Details Investors Need to Know

  • Potential Price Sensitivity:

    The announcement confirms a mandatory unconditional cash offer is underway. Such offers typically represent an exit opportunity for existing shareholders and can significantly impact share price as investors evaluate the offer terms and the potential change in control of the company.
  • Rectification of Clerical Error:

    While the clarification relates only to the Chinese version of the previous joint announcement and does not affect the English version, it is important for investors who rely on the Chinese version to note the corrected figures. The correction ensures there is no misinformation regarding the offer statistics.
  • Stability of Other Information:

    Except for the above clarification, all other information in the joint announcement remains unchanged, maintaining consistency for shareholders and investors.
  • Due Diligence and Responsibility:

    The boards and beneficial owners have reiterated their commitment to accuracy and thoroughness, indicating comprehensive due diligence has been performed in the preparation of this announcement.

Potential Impact on Share Value

Mandatory unconditional cash offers are typically significant events for listed companies and can result in material changes to share price, especially if the offer price represents a premium (or discount) to the current trading price. Shareholders should closely review the terms of the offer (including the offer price per share and acceptance conditions) and monitor further announcements for updates or changes.

The clarification of a clerical error, while minor, is critical for transparency and ensures shareholders have accurate information, avoiding any confusion that might affect investment decisions.

Directors and Responsible Parties

  • Offeror: Sole Director: Ms. Peng Weizhen; Ultimate Beneficial Owners: Mr. Yao, Ms. Yao, Mr. Chen.
  • Vendor (Selling Party): Ultimate Beneficial Owners: Mr. Low Seah Sun, Ms. Seah Peet Hwah, Mr. Cheang Wye Keong, Mr. Lau Ah Cheng.
  • Company (Rimbaco Group Global Limited): Chairman: Mr. Low Seah Sun; Executive Directors: Mr. Low Seah Sun, Mr. Low Wui Linn, Ms. Seah Peet Hwah, Mr. Cheang Wye Keong, Mr. Lau Ah Cheng; Non-Executive Director: Mr. Tong Kai Tak; Independent Non-Executive Directors: Mr. Ng Kok Seng, Mr. Wong Chi Wai, Ms. Yeo Chew Yen Mary.

Conclusion

This announcement represents a key development for Rimbaco Group Global Limited, with the ongoing mandatory unconditional cash offer likely to impact share price and ownership structure. The clarification provided ensures transparency and continued confidence in the offer process. Shareholders are advised to monitor further updates from the Company and the Offeror.

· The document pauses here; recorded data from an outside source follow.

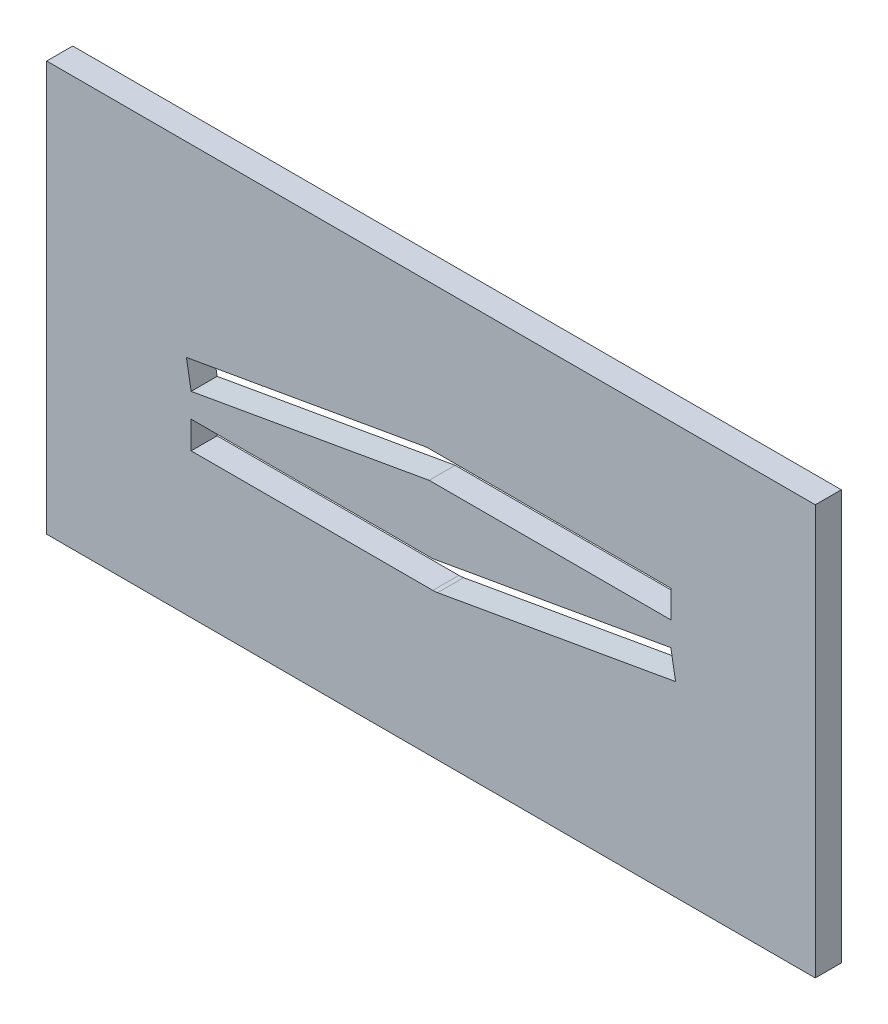
ISO-10303-21;
HEADER;
FILE_DESCRIPTION(('STEP AP214'),'2;1');
FILE_NAME('part.step','',(''),(''),'','','');
FILE_SCHEMA(('AUTOMOTIVE_DESIGN { 1 0 10303 214 1 1 1 1 }'));
ENDSEC;
DATA;
#1=APPLICATION_CONTEXT('core data for automotive mechanical design processes');
#2=APPLICATION_PROTOCOL_DEFINITION('international standard','automotive_design',2000,#1);
#3=PRODUCT_CONTEXT('',#1,'mechanical');
#4=PRODUCT('Part','Part','',(#3));
#5=PRODUCT_RELATED_PRODUCT_CATEGORY('part','',(#4));
#6=PRODUCT_DEFINITION_FORMATION('','',#4);
#7=PRODUCT_DEFINITION_CONTEXT('part definition',#1,'design');
#8=PRODUCT_DEFINITION('design','',#6,#7);
#9=PRODUCT_DEFINITION_SHAPE('','',#8);
#10=(LENGTH_UNIT() NAMED_UNIT(*) SI_UNIT(.MILLI.,.METRE.));
#11=(NAMED_UNIT(*) PLANE_ANGLE_UNIT() SI_UNIT($,.RADIAN.));
#12=(NAMED_UNIT(*) SI_UNIT($,.STERADIAN.) SOLID_ANGLE_UNIT());
#13=UNCERTAINTY_MEASURE_WITH_UNIT(LENGTH_MEASURE(1.E-05),#10,'distance_accuracy_value','');
#14=(GEOMETRIC_REPRESENTATION_CONTEXT(3) GLOBAL_UNCERTAINTY_ASSIGNED_CONTEXT((#13)) GLOBAL_UNIT_ASSIGNED_CONTEXT((#10,
#11,#12)) REPRESENTATION_CONTEXT('',''));
#15=CARTESIAN_POINT('',(0.,0.,0.));
#16=DIRECTION('',(0.,0.,1.));
#17=DIRECTION('',(1.,0.,0.));
#18=AXIS2_PLACEMENT_3D('',#15,#16,#17);
#19=CARTESIAN_POINT('',(0.,0.,2.7));
#20=DIRECTION('',(0.,0.,1.));
#21=DIRECTION('',(1.,0.,0.));
#22=AXIS2_PLACEMENT_3D('',#19,#20,#21);
#23=PLANE('',#22);
#24=DIRECTION('',(0.,-1.,0.));
#25=VECTOR('',#24,1.);
#26=CARTESIAN_POINT('',(-39.9048674522936,21.2788935686915,2.7));
#27=LINE('',#26,#25);
#28=CARTESIAN_POINT('',(-39.9048674522936,21.2788935686915,2.7));
#29=VERTEX_POINT('',#28);
#30=CARTESIAN_POINT('',(-39.9048674522936,-21.2788935686915,2.7));
#31=VERTEX_POINT('',#30);
#32=EDGE_CURVE('E270',#29,#31,#27,.T.);
#33=ORIENTED_EDGE('',*,*,#32,.T.);
#34=DIRECTION('',(1.,0.,0.));
#35=VECTOR('',#34,1.);
#36=CARTESIAN_POINT('',(-39.9048674522936,-21.2788935686915,2.7));
#37=LINE('',#36,#35);
#38=CARTESIAN_POINT('',(39.9048674522936,-21.2788935686915,2.7));
#39=VERTEX_POINT('',#38);
#40=EDGE_CURVE('E273',#31,#39,#37,.T.);
#41=ORIENTED_EDGE('',*,*,#40,.T.);
#42=DIRECTION('',(0.,1.,0.));
#43=VECTOR('',#42,1.);
#44=CARTESIAN_POINT('',(39.9048674522936,21.2788935686915,2.7));
#45=LINE('',#44,#43);
#46=CARTESIAN_POINT('',(39.9048674522936,21.2788935686915,2.7));
#47=VERTEX_POINT('',#46);
#48=EDGE_CURVE('E276',#39,#47,#45,.T.);
#49=ORIENTED_EDGE('',*,*,#48,.T.);
#50=DIRECTION('',(-1.,0.,0.));
#51=VECTOR('',#50,1.);
#52=CARTESIAN_POINT('',(-39.9048674522936,21.2788935686915,2.7));
#53=LINE('',#52,#51);
#54=EDGE_CURVE('E278',#47,#29,#53,.T.);
#55=ORIENTED_EDGE('',*,*,#54,.T.);
#56=EDGE_LOOP('',(#33,#41,#49,#55));
#57=FACE_BOUND('',#56,.T.);
#58=DIRECTION('',(-0.984807753012208,-0.173648177666931,0.));
#59=VECTOR('',#58,1.);
#60=CARTESIAN_POINT('',(-25.3997647586444,1.87780852739333,2.7));
#61=LINE('',#60,#59);
#62=CARTESIAN_POINT('',(-0.685525792640803,6.23559566477625,2.7));
#63=VERTEX_POINT('',#62);
#64=CARTESIAN_POINT('',(-25.3997647586444,1.87780852739333,2.7));
#65=VERTEX_POINT('',#64);
#66=EDGE_CURVE('E220',#63,#65,#61,.T.);
#67=ORIENTED_EDGE('',*,*,#66,.F.);
#68=DIRECTION('',(-0.996194698091746,-0.0871557427476577,0.));
#69=VECTOR('',#68,1.);
#70=CARTESIAN_POINT('',(-0.685525792640803,6.23559566477625,2.7));
#71=LINE('',#70,#69);
#72=CARTESIAN_POINT('',(-0.19062848629005,6.27889356869146,2.7));
#73=VERTEX_POINT('',#72);
#74=EDGE_CURVE('E218',#73,#63,#71,.T.);
#75=ORIENTED_EDGE('',*,*,#74,.F.);
#76=DIRECTION('',(-1.,0.,0.));
#77=VECTOR('',#76,1.);
#78=CARTESIAN_POINT('',(-0.19062848629005,6.27889356869146,2.7));
#79=LINE('',#78,#77);
#80=CARTESIAN_POINT('',(24.9048674522936,6.27889356869146,2.7));
#81=VERTEX_POINT('',#80);
#82=EDGE_CURVE('E232',#81,#73,#79,.T.);
#83=ORIENTED_EDGE('',*,*,#82,.F.);
#84=DIRECTION('',(0.,1.,0.));
#85=VECTOR('',#84,1.);
#86=CARTESIAN_POINT('',(24.9048674522936,3.42889356869146,2.7));
#87=LINE('',#86,#85);
#88=CARTESIAN_POINT('',(24.9048674522936,3.42889356869146,2.7));
#89=VERTEX_POINT('',#88);
#90=EDGE_CURVE('E229',#89,#81,#87,.T.);
#91=ORIENTED_EDGE('',*,*,#90,.F.);
#92=DIRECTION('',(1.,0.,0.));
#93=VECTOR('',#92,1.);
#94=CARTESIAN_POINT('',(-0.19062848629005,3.42889356869146,2.7));
#95=LINE('',#94,#93);
#96=CARTESIAN_POINT('',(-0.19062848629005,3.42889356869146,2.7));
#97=VERTEX_POINT('',#96);
#98=EDGE_CURVE('E227',#97,#89,#95,.T.);
#99=ORIENTED_EDGE('',*,*,#98,.F.);
#100=DIRECTION('',(0.984807753012208,0.173648177666931,0.));
#101=VECTOR('',#100,1.);
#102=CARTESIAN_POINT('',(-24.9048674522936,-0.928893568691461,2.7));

Disclaimer: This article is for informational purposes only and does not constitute investment advice. Investors should consult their financial advisers and review all official documents and announcements before making any investment decisions. The accuracy of the above summary is based on the official joint announcement. No liability is accepted for any errors or omissions.